**Work to be completed:**
Where a line holds the word "count", copy that line from the data below.

Data excerpts
□ □ □ □ □ □ □
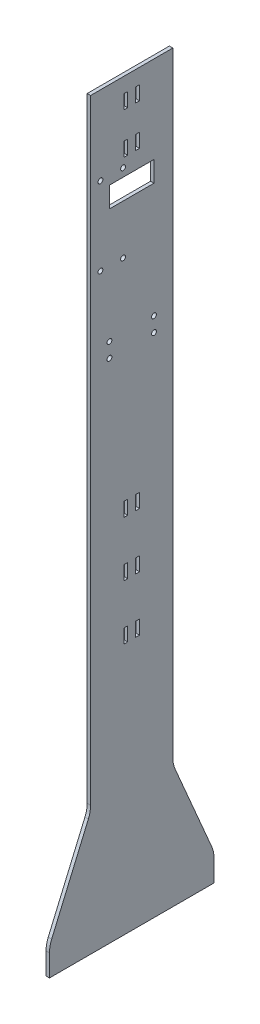
SolidWorks part; units mm, degrees
ref_plane "Front Plane" through (0, 0, 0) normal (0, 0, 1) x (1, 0, 0)
ref_plane "Top Plane" through (0, 0, 0) normal (0, 1, 0) x (1, 0, 0)
ref_plane "Right Plane" through (0, 0, 0) normal (1, 0, 0) x (0, 0, -1)
sketch "Sketch1" plane through (0, 0, 0) normal (1, 0, 0) x (0, 0, -1)
  line L1 (-38.1, 457.2) -> (38.1, 457.2)
  line L2 (-38.1, 457.2) -> (-38.1, -457.2)
  line L3 (-38.1, -457.2) -> (38.1, -457.2)
  line L4 (38.1, 457.2) -> (38.1, -457.2)
  line L5 (-38.1, 457.2) -> (38.1, -457.2) construction
  line L6 (-38.1, -457.2) -> (38.1, 457.2) construction
  point P0 (0, 0)
  dimension "D1" = 914.4
  dimension "D2" = 76.2
extrude "Boss-Extrude1" add sketch "Sketch1" along normal blind 3.175
sketch "Sketch2" plane through (3.175, 0, 0) normal (1, 0, 0) x (0, 0, -1)
  line L0 (-38.1, -457.2) -> (38.1, -457.2) construction
  line L1 (3.722, -204.5335) -> (7.278, -204.5335)
  line L2 (3.722, -204.5335) -> (3.722, -217.4875)
  line L3 (3.722, -217.4875) -> (7.278, -217.4875)
  line L4 (7.278, -204.5335) -> (7.278, -217.4875)
  line L5 (3.722, -204.5335) -> (7.278, -217.4875) construction
  line L6 (3.722, -217.4875) -> (7.278, -204.5335) construction
  point P0 (5.5, -211.0105)
  dimension "D1" = 3.556
  dimension "D2" = 12.954
  dimension "D3" = 239.7125
  dimension "D4" = 3.722
extrude "Cut-Extrude1" cut sketch "Sketch2" against normal through all
mirror "Mirror1" about plane through (0, 0, 0) normal (0, 0, 1) of "Cut-Extrude1"
pattern_linear "LPattern1" count 2 spacing 50.8 along (0, 1, 0) count 2 spacing 50.8 along (0, -1, 0) of "Mirror1", "Cut-Extrude1"
sketch "Sketch3" plane through (3.175, 0, 0) normal (1, 0, 0) x (0, 0, -1)
  line L0 (7.278, -166.6875) -> (7.278, -153.7335) construction
  line L1 (3.722, 135.1915) -> (7.278, 135.1915)
  line L2 (3.722, 135.1915) -> (3.722, 122.2375)
  line L3 (3.722, 122.2375) -> (7.278, 122.2375)
  line L4 (7.278, 135.1915) -> (7.278, 122.2375)
  line L5 (3.722, 135.1915) -> (7.278, 122.2375) construction
  line L6 (3.722, 122.2375) -> (7.278, 135.1915) construction
  line L7 (7.278, -153.7335) -> (3.722, -153.7335) construction
  line L8 (3.722, -153.7335) -> (3.722, -166.6875) construction
  line L9 (0, 0) -> (0, 52.1648) construction
  line L10 (-3.722, 122.2375) -> (-7.278, 135.1915) construction
  line L11 (-3.722, 135.1915) -> (-7.278, 122.2375) construction
  line L12 (-7.278, 135.1915) -> (-7.278, 122.2375)
  line L13 (-3.722, 122.2375) -> (-7.278, 122.2375)
  line L14 (-3.722, 135.1915) -> (-3.722, 122.2375)
  line L15 (-3.722, 135.1915) -> (-7.278, 135.1915)
  point P0 (5.5, 128.7145)
  point P18 (-5.5, 128.7145)
  dimension "D1" = 275.971
extrude "Cut-Extrude2" cut sketch "Sketch3" against normal through all
pattern_linear "LPattern2" count 2 spacing 38.1 along (0, 1, 0) of "Cut-Extrude2"
sketch "Sketch4" plane through (3.175, 0, 0) normal (1, 0, 0) x (0, 0, -1)
  line L0 (0, -457.2) -> (0, 187.325) construction
  line L1 (-38.1, -457.2) -> (38.1, -457.2) construction
  line L2 (0, 187.325) -> (-38.1, 187.325)
  line L3 (-38.1, 457.2) -> (-38.1, -457.2) construction
  line L4 (-38.1, 187.325) -> (38.1, 187.325)
  line L5 (38.1, -457.2) -> (38.1, 457.2) construction
  line M30 (38.1, -457.2) -> (38.1, 457.2)
  line M31 (38.1, 457.2) -> (-38.1, 457.2)
  line M32 (-38.1, 457.2) -> (-38.1, -457.2)
  dimension "D1" = 644.525
extrude "Cut-Extrude3" cut sketch "Sketch4" against normal through all contours L2 L4 M30 M31 M32
sketch "Sketch5" plane through (3.175, 0, 0) normal (1, 0, 0) x (0, 0, -1)
  line L0 (-38.1, -457.2) -> (-38.1, -501.65)
  line L1 (-38.1, -501.65) -> (38.1, -501.65)
  line L2 (38.1, -501.65) -> (38.1, -457.2)
  line L7 (38.1, -457.2) -> (38.1, 187.325)
  line L8 (38.1, 187.325) -> (-38.1, 187.325)
  line L9 (-38.1, 187.325) -> (-38.1, -457.2)
  line L10 (-38.1, -457.2) -> (38.1, -457.2)
  line L14 (-38.1, -457.2) -> (38.1, -457.2)
  dimension "D1" = 44.45
  dimension "D2" = 0
extrude "Boss-Extrude2" add sketch "Sketch5" against normal up to surface (3.175 mm away) up to face at (0, -160.2105, 5.5)
sketch "Sketch6" plane through (3.175, 0, 0) normal (1, 0, 0) x (0, 0, -1)
  line L1 (-20.6375, 106.6318) -> (20.6375, 106.6318)
  line L2 (-20.6375, 106.6318) -> (-20.6375, 87.5818)
  line L4 (20.6375, 106.6318) -> (20.6375, 87.5818)
  line L5 (0, 187.325) -> (0, 38.8722) construction
  line L6 (38.1, 187.325) -> (-38.1, 187.325) construction
  line L7 (-20.6375, 87.5818) -> (20.6375, 87.5818)
  line L8 (-39.114, 119.3318) -> (2.161, 119.3318) construction
  point P6 (0, 106.6318)
  dimension "D1" = 19.05
  dimension "D2" = 41.275
  dimension "D3" = 12.7
extrude "Cut-Extrude4" cut sketch "Sketch6" against normal through all contours L7 L4 L1 L2
sketch "Sketch7" plane through (3.175, 0, 0) normal (1, 0, 0) x (0, 0, -1)
  line L0 (-76.2, -501.65) -> (76.2, -501.65)
  line L1 (76.2, -501.65) -> (76.2, -476.25)
  line L2 (76.2, -476.25) -> (38.1, -387.35)
  line L3 (38.1, -501.65) -> (38.1, 187.325) construction
  line L4 (38.1, -387.35) -> (-38.1, -387.35)
  line L5 (-38.1, 187.325) -> (-38.1, -501.65) construction
  line L6 (-38.1, -387.35) -> (-76.2, -476.25)
  line L7 (-76.2, -476.25) -> (-76.2, -501.65)
  line L8 (-38.1, -501.65) -> (38.1, -501.65) construction
  dimension "D1" = 152.4
  dimension "D2" = 38.1
  dimension "D3" = 25.4
  dimension "D4" = 114.3
extrude "Boss-Extrude3" add sketch "Sketch7" against normal blind 3.175
fillet "Fillet1" radius 25.4 4 edges at (1.5875, -476.25, 76.2) (1.5875, -387.35, 38.1) (1.5875, -476.25, -76.2) (1.5875, -387.35, -38.1)
hole_wizard "#8 Clearance Hole1" positions "Sketch8" profile "Sketch9" hole size "#8" standard "ANSI Inch" end condition through all
sketch "Sketch8" plane through (3.175, 0, 0) normal (1, 0, 0) x (0, 0, -1)
  point P0 (-7.999, 41.8618)
  point P3 (-28.954, 41.8618)
  point P6 (20.6375, -18.8258)
  point P9 (-20.6375, -18.8258)
  point P12 (20.6375, -32.3008)
  point P15 (-20.6375, -32.3008)
  point P19 (-7.999, 114.2518)
  point P22 (-28.954, 114.2518)
sketch "Sketch9" plane through (3.175, 41.8618, 7.999) normal (0, 1, 0) x (0, 0, -1)
  line L0 (0, 0) -> (0, 3.175)
  line L1 (0, 3.175) -> (2.2479, 3.175)
  line L2 (2.2479, 3.175) -> (2.2479, 0)
  line L5 (2.2479, 0) -> (0, 0)
  line L11 (0, -6.35) -> (0, 107.95) construction
  dimension "Thru Hole Dia." = 4.4958
  dimension "Thru Hole Depth" = 3.175
□ □ □ □ □ □ □
**Answer section:**
pattern_linear "LPattern1" count 2 spacing 50.8 along (0, 1, 0) count 2 spacing 50.8 along (0, -1, 0) of "Mirror1", "Cut-Extrude1"
pattern_linear "LPattern2" count 2 spacing 38.1 along (0, 1, 0) of "Cut-Extrude2"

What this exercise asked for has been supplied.